Australian Research Council Centre of Excellence in Plant Energy Biology, School of Molecular Sciences, The University of Western Australia, Crawley, Western Australia 6009, Australia.
Harry Perkins Institute of Medical Research, Nedlands, Western Australia 6009, Australia.
Genome Res. 2018 Aug;28(8):1193-1206. doi: 10.1101/gr.233049.117. Epub 2018 Jun 15.
Detection of DNA methylation in the genome has been possible for decades; however, the ability to deliberately and specifically manipulate local DNA methylation states in the genome has been extremely limited. Consequently, this has impeded our understanding of the direct effect of DNA methylation on transcriptional regulation and transcription factor binding in the native chromatin context. Thus, highly specific targeted epigenome editing tools are needed to address this. Recent adaptations of genome editing technologies, including fusion of the DNMT3A DNA methyltransferase catalytic domain to catalytically inactive Cas9 (dC9-D3A), have aimed to alter DNA methylation at desired loci. Here, we show that these tools exhibit consistent off-target DNA methylation deposition in the genome, limiting their capabilities to unambiguously assess the functional consequences of DNA methylation. To address this, we developed a modular dCas9-SunTag (dC9Sun-D3A) system that can recruit multiple DNMT3A catalytic domains to a target site for editing DNA methylation. dC9Sun-D3A is tunable, specific, and exhibits much higher induction of DNA methylation at target sites than the dC9-D3A direct fusion protein. Importantly, genome-wide characterization of dC9Sun-D3A binding sites and DNA methylation revealed minimal off-target protein binding and induction of DNA methylation with dC9Sun-D3A, compared to pervasive off-target methylation by dC9-D3A. Furthermore, we used dC9Sun-D3A to demonstrate the binding sensitivity to DNA methylation for CTCF and NRF1 in situ. Overall, this modular dC9Sun-D3A system enables precise DNA methylation deposition with the lowest off-target DNA methylation levels reported to date, allowing accurate functional determination of the role of DNA methylation at single loci.
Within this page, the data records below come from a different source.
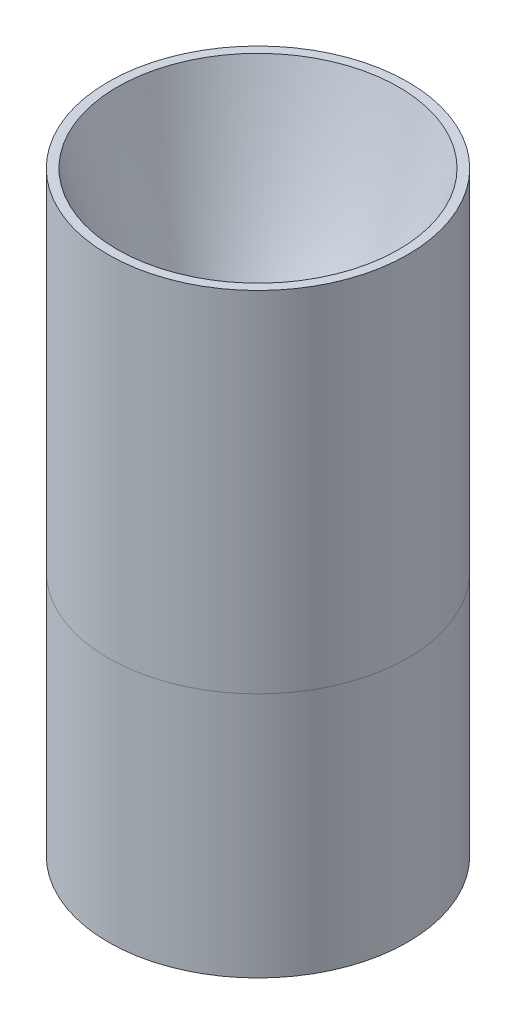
ISO-10303-21;
HEADER;
FILE_DESCRIPTION(('STEP AP214'),'2;1');
FILE_NAME('part.step','',(''),(''),'','','');
FILE_SCHEMA(('AUTOMOTIVE_DESIGN { 1 0 10303 214 1 1 1 1 }'));
ENDSEC;
DATA;
#1=APPLICATION_CONTEXT('core data for automotive mechanical design processes');
#2=APPLICATION_PROTOCOL_DEFINITION('international standard','automotive_design',2000,#1);
#3=PRODUCT_CONTEXT('',#1,'mechanical');
#4=PRODUCT('Part','Part','',(#3));
#5=PRODUCT_RELATED_PRODUCT_CATEGORY('part','',(#4));
#6=PRODUCT_DEFINITION_FORMATION('','',#4);
#7=PRODUCT_DEFINITION_CONTEXT('part definition',#1,'design');
#8=PRODUCT_DEFINITION('design','',#6,#7);
#9=PRODUCT_DEFINITION_SHAPE('','',#8);
#10=(LENGTH_UNIT() NAMED_UNIT(*) SI_UNIT(.MILLI.,.METRE.));
#11=(NAMED_UNIT(*) PLANE_ANGLE_UNIT() SI_UNIT($,.RADIAN.));
#12=(NAMED_UNIT(*) SI_UNIT($,.STERADIAN.) SOLID_ANGLE_UNIT());
#13=UNCERTAINTY_MEASURE_WITH_UNIT(LENGTH_MEASURE(1.E-05),#10,'distance_accuracy_value','');
#14=(GEOMETRIC_REPRESENTATION_CONTEXT(3) GLOBAL_UNCERTAINTY_ASSIGNED_CONTEXT((#13)) GLOBAL_UNIT_ASSIGNED_CONTEXT((#10,
#11,#12)) REPRESENTATION_CONTEXT('',''));
#15=CARTESIAN_POINT('',(0.,0.,0.));
#16=DIRECTION('',(0.,0.,1.));
#17=DIRECTION('',(1.,0.,0.));
#18=AXIS2_PLACEMENT_3D('',#15,#16,#17);
#19=CARTESIAN_POINT('',(-76.2,-67.8726529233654,-76.21));
#20=DIRECTION('',(0.,-1.,0.));
#21=DIRECTION('',(0.,0.,-1.));
#22=AXIS2_PLACEMENT_3D('',#19,#20,#21);
#23=PLANE('',#22);
#24=CARTESIAN_POINT('',(0.,-67.8726529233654,0.));
#25=DIRECTION('',(0.,-1.,0.));
#26=DIRECTION('',(0.,0.,-1.));
#27=AXIS2_PLACEMENT_3D('',#24,#25,#26);
#28=CIRCLE('',#27,53.7924602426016);
#29=CARTESIAN_POINT('',(0.,-67.8726529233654,-53.7924602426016));
#30=VERTEX_POINT('',#29);
#31=EDGE_CURVE('E98',#30,#30,#28,.F.);
#32=ORIENTED_EDGE('',*,*,#31,.T.);
#33=EDGE_LOOP('',(#32));
#34=FACE_BOUND('',#33,.T.);
#35=CARTESIAN_POINT('',(0.,-67.8726529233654,0.));
#36=DIRECTION('',(0.,-1.,0.));
#37=DIRECTION('',(0.,0.,-1.));
#38=AXIS2_PLACEMENT_3D('',#35,#36,#37);
#39=CIRCLE('',#38,76.2);
#40=CARTESIAN_POINT('',(0.,-67.8726529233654,-76.2));
#41=VERTEX_POINT('',#40);
#42=EDGE_CURVE('E46',#41,#41,#39,.T.);
#43=ORIENTED_EDGE('',*,*,#42,.T.);
#44=EDGE_LOOP('',(#43));
#45=FACE_BOUND('',#44,.T.);
#46=ADVANCED_FACE('F42',(#34,#45),#23,.T.);
#47=CARTESIAN_POINT('',(0.,0.,0.));
#48=DIRECTION('',(0.,1.,0.));
#49=DIRECTION('',(0.,0.,1.));
#50=AXIS2_PLACEMENT_3D('',#47,#48,#49);
#51=CYLINDRICAL_SURFACE('',#50,53.7924602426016);
#52=CARTESIAN_POINT('',(0.,-59.7276737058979,0.));
#53=DIRECTION('',(0.,1.,0.));
#54=DIRECTION('',(0.,0.,1.));
#55=AXIS2_PLACEMENT_3D('',#52,#53,#54);
#56=CIRCLE('',#55,53.7924602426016);
#57=CARTESIAN_POINT('',(0.,-59.7276737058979,53.7924602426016));
#58=VERTEX_POINT('',#57);
#59=EDGE_CURVE('E132',#58,#58,#56,.T.);
#60=ORIENTED_EDGE('',*,*,#59,.T.);
#61=EDGE_LOOP('',(#60));
#62=FACE_BOUND('',#61,.T.);
#63=ORIENTED_EDGE('',*,*,#31,.F.);
#64=EDGE_LOOP('',(#63));
#65=FACE_BOUND('',#64,.T.);
#66=ADVANCED_FACE('F44',(#62,#65),#51,.F.);
#67=CARTESIAN_POINT('',(0.,0.,0.));
#68=DIRECTION('',(0.,1.,0.));
#69=DIRECTION('',(0.,0.,1.));
#70=AXIS2_PLACEMENT_3D('',#67,#68,#69);
#71=CYLINDRICAL_SURFACE('',#70,76.2);
#72=CARTESIAN_POINT('',(0.,109.927347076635,0.));
#73=DIRECTION('',(0.,1.,0.));
#74=DIRECTION('',(0.,0.,1.));
#75=AXIS2_PLACEMENT_3D('',#72,#73,#74);
#76=CIRCLE('',#75,76.2);
#77=CARTESIAN_POINT('',(0.,109.927347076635,76.2));
#78=VERTEX_POINT('',#77);
#79=EDGE_CURVE('E55',#78,#78,#76,.T.);
#80=ORIENTED_EDGE('',*,*,#79,.F.);
#81=EDGE_LOOP('',(#80));
#82=FACE_BOUND('',#81,.T.);
#83=ORIENTED_EDGE('',*,*,#42,.F.);
#84=EDGE_LOOP('',(#83));
#85=FACE_BOUND('',#84,.T.);
#86=ADVANCED_FACE('F80',(#82,#85),#71,.T.);
#87=CARTESIAN_POINT('',(26.7062113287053,6.50923965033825,0.));
#88=CARTESIAN_POINT('',(26.6554523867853,6.45847884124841,0.));
#89=CARTESIAN_POINT('',(26.5813741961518,6.38212177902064,0.));
#90=CARTESIAN_POINT('',(26.4154873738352,6.20864164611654,0.));
#91=CARTESIAN_POINT('',(26.2772778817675,6.04995163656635,0.));
#92=CARTESIAN_POINT('',(26.089808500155,5.83291364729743,0.));
#93=CARTESIAN_POINT('',(25.9153376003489,5.61072754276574,0.));
#94=CARTESIAN_POINT('',(25.7027203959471,5.32551893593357,0.));
#95=CARTESIAN_POINT('',(25.5134468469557,5.04570386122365,0.));
#96=CARTESIAN_POINT('',(25.3274206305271,4.75130157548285,0.));
#97=CARTESIAN_POINT('',(25.1569443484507,4.45478312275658,0.));
#98=CARTESIAN_POINT('',(24.995002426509,4.14928218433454,0.));
#99=CARTESIAN_POINT('',(24.8462181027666,3.83966673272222,0.));
#100=CARTESIAN_POINT('',(24.7081288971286,3.52362715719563,0.));
#101=CARTESIAN_POINT('',(24.5825511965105,3.20334704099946,0.));
#102=CARTESIAN_POINT('',(24.4686735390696,2.87809264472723,0.));
#103=CARTESIAN_POINT('',(24.3672556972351,2.54923942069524,0.));
#104=CARTESIAN_POINT('',(24.2780737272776,2.21635441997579,0.));
#105=CARTESIAN_POINT('',(24.2014758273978,1.88099677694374,0.));
#106=CARTESIAN_POINT('',(24.1374314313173,1.54205049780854,0.));
#107=CARTESIAN_POINT('',(24.0861168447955,1.20253727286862,0.));
#108=CARTESIAN_POINT('',(24.0523672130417,0.901433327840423,0.));
#109=CARTESIAN_POINT('',(24.0314657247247,0.646764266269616,0.));
#110=CARTESIAN_POINT('',(24.0193936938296,0.427064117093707,0.));
#111=CARTESIAN_POINT('',(24.0129558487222,0.267641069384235,0.));
#112=CARTESIAN_POINT('',(24.0105384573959,0.11011368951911,0.));
#113=CARTESIAN_POINT('',(24.0100006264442,0.0358926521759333,0.));
#114=CARTESIAN_POINT('',(24.01,1.20494413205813E-13,0.));
#115=B_SPLINE_CURVE_WITH_KNOTS('',4,(#87,#88,#89,#90,#91,#92,#93,#94,#95,#96,#97,#98,#99,#100,
#101,#102,#103,#104,#105,#106,#107,#108,#109,#110,#111,#112,#113,#114),.UNSPECIFIED.,.F.,.F.,(5,
1,1,1,1,1,1,1,1,1,1,1,1,1,1,1,1,1,1,1,1,1,1,1,5),(0.0825688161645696,0.122284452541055,
0.142142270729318,0.162000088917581,0.201715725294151,0.241431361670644,0.281146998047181,
0.320862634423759,0.360578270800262,0.400293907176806,0.440009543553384,0.479725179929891,
0.519440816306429,0.55915645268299,0.598872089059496,0.638587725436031,0.678303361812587,
0.718018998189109,0.75773463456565,0.797450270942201,0.837165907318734,0.857023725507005,
0.876881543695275,0.896739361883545,0.916597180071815),.UNSPECIFIED.);
#116=CARTESIAN_POINT('',(0.,0.,0.));
#117=DIRECTION('',(0.,1.,0.));
#118=AXIS1_PLACEMENT('',#116,#117);
#119=SURFACE_OF_REVOLUTION('',#115,#118);
#120=CARTESIAN_POINT('',(0.,-4.72452789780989E-09,0.));
#121=DIRECTION('',(0.,1.,0.));
#122=DIRECTION('',(0.,0.,1.));
#123=AXIS2_PLACEMENT_3D('',#120,#121,#122);
#124=CIRCLE('',#123,24.0100000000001);
#125=CARTESIAN_POINT('',(0.,-4.72452789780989E-09,24.0100000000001));
#126=VERTEX_POINT('',#125);
#127=EDGE_CURVE('E100',#126,#126,#124,.T.);
#128=ORIENTED_EDGE('',*,*,#127,.F.);
#129=EDGE_LOOP('',(#128));
#130=FACE_BOUND('',#129,.T.);
#131=CARTESIAN_POINT('',(0.,6.50923965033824,0.));
#132=DIRECTION('',(0.,1.,0.));
#133=DIRECTION('',(0.,0.,1.));
#134=AXIS2_PLACEMENT_3D('',#131,#132,#133);
#135=CIRCLE('',#134,26.7062113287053);
#136=CARTESIAN_POINT('',(0.,6.50923965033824,26.7062113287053));
#137=VERTEX_POINT('',#136);
#138=EDGE_CURVE('E12',#137,#137,#135,.T.);
#139=ORIENTED_EDGE('',*,*,#138,.T.);
#140=EDGE_LOOP('',(#139));
#141=FACE_BOUND('',#140,.T.);
#142=ADVANCED_FACE('F82',(#130,#141),#119,.T.);
#143=CARTESIAN_POINT('',(24.0100000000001,-4.72452789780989E-09,0.));
#144=CARTESIAN_POINT('',(24.0100012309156,-0.0705286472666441,0.));
#145=CARTESIAN_POINT('',(24.0105303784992,-0.213584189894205,0.));
#146=CARTESIAN_POINT('',(24.0129060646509,-0.54318291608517,0.));
#147=CARTESIAN_POINT('',(24.0192304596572,-0.824160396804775,0.));
#148=CARTESIAN_POINT('',(24.0287155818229,-1.1948220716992,0.));
#149=CARTESIAN_POINT('',(24.0413578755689,-1.51343505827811,0.));
#150=CARTESIAN_POINT('',(24.0571581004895,-1.86193960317,0.));
#151=CARTESIAN_POINT('',(24.07611335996,-2.19370687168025,0.));
#152=CARTESIAN_POINT('',(24.1037509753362,-2.61806939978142,0.));
#153=CARTESIAN_POINT('',(24.143219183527,-3.12203394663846,0.));
#154=CARTESIAN_POINT('',(24.2142318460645,-3.87997867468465,0.));
#155=CARTESIAN_POINT('',(24.3340588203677,-4.88645038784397,0.));
#156=CARTESIAN_POINT('',(24.5104181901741,-6.05671075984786,0.));
#157=CARTESIAN_POINT('',(24.7618173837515,-7.38516641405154,0.));
#158=CARTESIAN_POINT('',(25.0627274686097,-8.70357451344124,0.));
#159=CARTESIAN_POINT('',(25.4127027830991,-10.0096372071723,0.));
#160=CARTESIAN_POINT('',(25.8112931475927,-11.3018195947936,0.));
#161=CARTESIAN_POINT('',(26.2578775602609,-12.578099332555,0.));
#162=CARTESIAN_POINT('',(26.7519354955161,-13.8368874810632,0.));
#163=CARTESIAN_POINT('',(27.2926052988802,-15.0761971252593,0.));
#164=CARTESIAN_POINT('',(27.8794115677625,-16.2946097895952,0.));
#165=CARTESIAN_POINT('',(28.5110715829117,-17.4899387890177,0.));
#166=CARTESIAN_POINT('',(29.187464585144,-18.6612877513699,0.));
#167=CARTESIAN_POINT('',(29.906377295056,-19.8057433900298,0.));
#168=CARTESIAN_POINT('',(30.6689541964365,-20.923860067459,0.));
#169=CARTESIAN_POINT('',(31.3700993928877,-21.8744117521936,0.));
#170=CARTESIAN_POINT('',(31.9996683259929,-22.6734454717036,0.));
#171=CARTESIAN_POINT('',(32.5350606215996,-23.32042212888,0.));
#172=CARTESIAN_POINT('',(32.9831879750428,-23.8400050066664,0.));
#173=CARTESIAN_POINT('',(33.419382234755,-24.329816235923,0.));
#174=CARTESIAN_POINT('',(33.8467583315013,-24.7884843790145,0.));
#175=CARTESIAN_POINT('',(34.1564908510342,-25.1138682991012,0.));
#176=CARTESIAN_POINT('',(34.4477921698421,-25.4096490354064,0.));
#177=CARTESIAN_POINT('',(34.5473446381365,-25.5099499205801,0.));
#178=CARTESIAN_POINT('',(34.5972150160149,-25.5598221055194,0.));
#179=B_SPLINE_CURVE_WITH_KNOTS('',4,(#143,#144,#145,#146,#147,#148,#149,#150,#151,#152,#153,
#154,#155,#156,#157,#158,#159,#160,#161,#162,#163,#164,#165,#166,#167,#168,#169,#170,#171,#172,
#173,#174,#175,#176,#177,#178),.UNSPECIFIED.,.F.,.F.,(5,1,1,1,1,1,1,1,1,1,1,1,1,1,1,1,1,1,1,1,1,
1,1,1,1,1,1,1,1,1,1,1,5),(0.0826377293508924,0.0925749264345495,0.10251212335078,
0.11244932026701,0.122386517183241,0.132323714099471,0.142260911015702,0.152198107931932,
0.162135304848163,0.182009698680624,0.201884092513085,0.241632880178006,0.281381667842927,
0.321130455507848,0.360879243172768,0.400628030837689,0.44037681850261,0.480125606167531,
0.519874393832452,0.559623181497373,0.599371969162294,0.639120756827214,0.678869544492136,
0.718618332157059,0.758367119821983,0.798115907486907,0.817990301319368,0.837864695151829,
0.857739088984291,0.877613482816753,0.897487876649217,0.907425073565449,0.917362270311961),.UNSPECIFIED.);
#180=CARTESIAN_POINT('',(0.,0.,0.));
#181=DIRECTION('',(0.,1.,0.));
#182=AXIS1_PLACEMENT('',#180,#181);
#183=SURFACE_OF_REVOLUTION('',#179,#182);
#184=CARTESIAN_POINT('',(0.,-25.5598221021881,0.));
#185=DIRECTION('',(0.,1.,0.));
#186=DIRECTION('',(0.,0.,1.));
#187=AXIS2_PLACEMENT_3D('',#184,#185,#186);
#188=CIRCLE('',#187,34.5972150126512);
#189=CARTESIAN_POINT('',(0.,-25.5598221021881,34.5972150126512));
#190=VERTEX_POINT('',#189);
#191=EDGE_CURVE('E103',#190,#190,#188,.T.);
#192=ORIENTED_EDGE('',*,*,#191,.F.);
#193=EDGE_LOOP('',(#192));
#194=FACE_BOUND('',#193,.T.);
#195=ORIENTED_EDGE('',*,*,#127,.T.);
#196=EDGE_LOOP('',(#195));
#197=FACE_BOUND('',#196,.T.);
#198=ADVANCED_FACE('F88',(#194,#197),#183,.T.);
#199=CARTESIAN_POINT('',(0.,-25.5598221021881,0.));
#200=DIRECTION('',(0.,-1.,0.));
#201=DIRECTION('',(0.,0.,-1.));
#202=AXIS2_PLACEMENT_3D('',#199,#200,#201);
#203=CONICAL_SURFACE('',#202,34.5972150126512,0.785398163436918);
#204=CARTESIAN_POINT('',(0.,-34.1674502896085,0.));
#205=DIRECTION('',(0.,1.,0.));
#206=DIRECTION('',(0.,0.,1.));
#207=AXIS2_PLACEMENT_3D('',#204,#205,#206);
#208=CIRCLE('',#207,43.2048432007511);
#209=CARTESIAN_POINT('',(0.,-34.1674502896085,43.2048432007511));
#210=VERTEX_POINT('',#209);
#211=EDGE_CURVE('E135',#210,#210,#208,.T.);
#212=ORIENTED_EDGE('',*,*,#211,.F.);
#213=EDGE_LOOP('',(#212));
#214=FACE_BOUND('',#213,.T.);
#215=ORIENTED_EDGE('',*,*,#191,.T.);
#216=EDGE_LOOP('',(#215));
#217=FACE_BOUND('',#216,.T.);
#218=ADVANCED_FACE('F118',(#214,#217),#203,.F.);
#219=CARTESIAN_POINT('',(43.2048432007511,-34.1674502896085,0.));
#220=CARTESIAN_POINT('',(43.254715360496,-34.2173226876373,0.));
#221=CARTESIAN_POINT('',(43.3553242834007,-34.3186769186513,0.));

几十年来,人们已经能够检测基因组中的 DNA 甲基化;然而,在基因组中故意且特异性地操作局部 DNA 甲基化状态的能力极其有限。因此,这阻碍了我们对 DNA 甲基化对转录调控和转录因子在天然染色质环境中结合的直接影响的理解。因此,需要高度特异性的靶向表观基因组编辑工具来解决这个问题。最近对基因组编辑技术的改编,包括将 DNMT3A DNA 甲基转移酶催化结构域融合到无催化活性的 Cas9(dC9-D3A)中,旨在改变所需基因座的 DNA 甲基化。在这里,我们表明这些工具在基因组中表现出一致的脱靶 DNA 甲基化沉积,限制了它们明确评估 DNA 甲基化功能后果的能力。为了解决这个问题,我们开发了一种模块化的 dCas9-SunTag(dC9Sun-D3A)系统,可以将多个 DNMT3A 催化结构域募集到靶位点进行 DNA 甲基化编辑。dC9Sun-D3A 是可调的、特异性的,并且在靶位点诱导 DNA 甲基化的能力比直接融合蛋白 dC9-D3A 高得多。重要的是,与 dC9-D3A 广泛的脱靶甲基化相比,dC9Sun-D3A 的全基因组特征分析表明,dC9Sun-D3A 结合位点和 DNA 甲基化的脱靶蛋白结合和诱导 DNA 甲基化最小。此外,我们使用 dC9Sun-D3A 来证明 CTCF 和 NRF1 在体内对 DNA 甲基化的结合敏感性。总体而言,这种模块化的 dC9Sun-D3A 系统能够以迄今为止报道的最低脱靶 DNA 甲基化水平进行精确的 DNA 甲基化沉积,从而可以准确确定单个基因座上 DNA 甲基化的功能作用。